-- DATA TO USE follows --

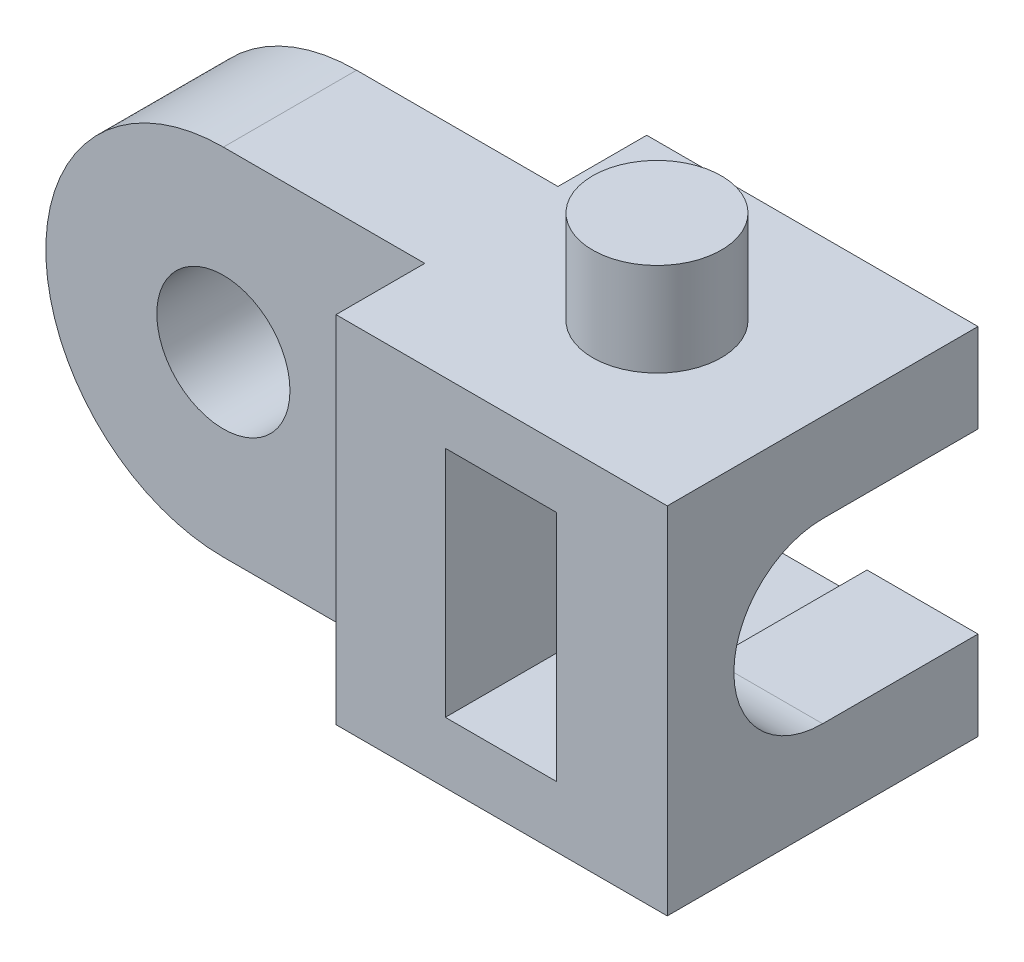
from build123d import *

# Parameters (mm, degrees)
SKETCH1_R               = 1.5
BOSS_EXTRUDE1_DEPTH     = 1.5
SKETCH5_W               = 7.463090523
SKETCH5_H               = 8
BOSS_EXTRUDE2_DEPTH     = 3.5
CUT_EXTRUDE1_DEPTH      = 7
CUT_EXTRUDE1_DEPTH_BACK = 6
SKETCH2_W               = 2.5
SKETCH2_H               = 5.25
SKETCH3_R               = 2
CUT_EXTRUDE2_DEPTH      = 3
SKETCH6_W               = 5
SKETCH6_H               = 4
CUT_EXTRUDE3_DEPTH      = 3.5
SKETCH7_R               = 1.45
BOSS_EXTRUDE3_DEPTH     = 2.1


with BuildPart() as part:
    # Sketch1 → Boss-Extrude1 (new, symmetric)
    with BuildSketch(Plane.XY):
        with BuildLine():
            Line((12, 4), (0, 4))
            ThreePointArc((0, 4), (-4, 0), (0, -4))
            Line((0, -4), (12, -4))
            Line((12, -4), (12, 4))
        make_face()
        Circle(SKETCH1_R, mode=Mode.SUBTRACT)
    extrude(amount=BOSS_EXTRUDE1_DEPTH, both=True)

    # Sketch5 → Boss-Extrude2 (add, symmetric)
    with BuildSketch(Plane.XY):
        with Locations((8.268454739, 0)):
            Rectangle(SKETCH5_W, SKETCH5_H)
    extrude(amount=BOSS_EXTRUDE2_DEPTH, both=True)

    # Sketch2 → Cut-Extrude1 (cut, two sides: drawn at the far end of the back side and taken through both)
    with BuildSketch(Plane.XY.offset(1.5).offset(-CUT_EXTRUDE1_DEPTH_BACK)):
        with Locations((8.25, 0)):
            Rectangle(SKETCH2_W, SKETCH2_H)
    extrude(amount=CUT_EXTRUDE1_DEPTH + CUT_EXTRUDE1_DEPTH_BACK, mode=Mode.SUBTRACT)

    # Sketch3 → Cut-Extrude2 (cut)
    with BuildSketch(Plane(origin=(12, 0, 0), x_dir=(0, 0, -1), z_dir=(1, 0, 0))):
        with Locations(Location((0, 0, 0), (0, 0, 90))):
            Circle(SKETCH3_R)
    extrude(amount=-CUT_EXTRUDE2_DEPTH, mode=Mode.SUBTRACT)

    # Sketch6 → Cut-Extrude3 (cut)
    with BuildSketch(Plane(origin=(0, 0, -3.5), x_dir=(-1, 0, 0), z_dir=(0, 0, -1))):
        with Locations((-12, 0)):
            Rectangle(SKETCH6_W, SKETCH6_H)
    extrude(amount=-CUT_EXTRUDE3_DEPTH, mode=Mode.SUBTRACT)

    # Sketch7 → Boss-Extrude3 (add)
    with BuildSketch(Plane(origin=(0, 4, 0), x_dir=(1, 0, 0), z_dir=(0, 1, 0))):
        with Locations(Location((8.268454739, 0, 0), (0, 0, 180))):
            Circle(SKETCH7_R)
    extrude(amount=BOSS_EXTRUDE3_DEPTH)


solid = part.part

-- DATA TO USE concluded --

### WHAT TO DO:
Repeat each line of the listing word for word, from the first through the line that contains "# Sketch2 →". Any picture stays out.

### THE ANSWER:
from build123d import *

# Parameters (mm, degrees)
SKETCH1_R               = 1.5
BOSS_EXTRUDE1_DEPTH     = 1.5
SKETCH5_W               = 7.463090523
SKETCH5_H               = 8
BOSS_EXTRUDE2_DEPTH     = 3.5
CUT_EXTRUDE1_DEPTH      = 7
CUT_EXTRUDE1_DEPTH_BACK = 6
SKETCH2_W               = 2.5
SKETCH2_H               = 5.25
SKETCH3_R               = 2
CUT_EXTRUDE2_DEPTH      = 3
SKETCH6_W               = 5
SKETCH6_H               = 4
CUT_EXTRUDE3_DEPTH      = 3.5
SKETCH7_R               = 1.45
BOSS_EXTRUDE3_DEPTH     = 2.1


with BuildPart() as part:
    # Sketch1 → Boss-Extrude1 (new, symmetric)
    with BuildSketch(Plane.XY):
        with BuildLine():
            Line((12, 4), (0, 4))
            ThreePointArc((0, 4), (-4, 0), (0, -4))
            Line((0, -4), (12, -4))
            Line((12, -4), (12, 4))
        make_face()
        Circle(SKETCH1_R, mode=Mode.SUBTRACT)
    extrude(amount=BOSS_EXTRUDE1_DEPTH, both=True)

    # Sketch5 → Boss-Extrude2 (add, symmetric)
    with BuildSketch(Plane.XY):
        with Locations((8.268454739, 0)):
            Rectangle(SKETCH5_W, SKETCH5_H)
    extrude(amount=BOSS_EXTRUDE2_DEPTH, both=True)

    # Sketch2 → Cut-Extrude1 (cut, two sides: drawn at the far end of the back side and taken through both)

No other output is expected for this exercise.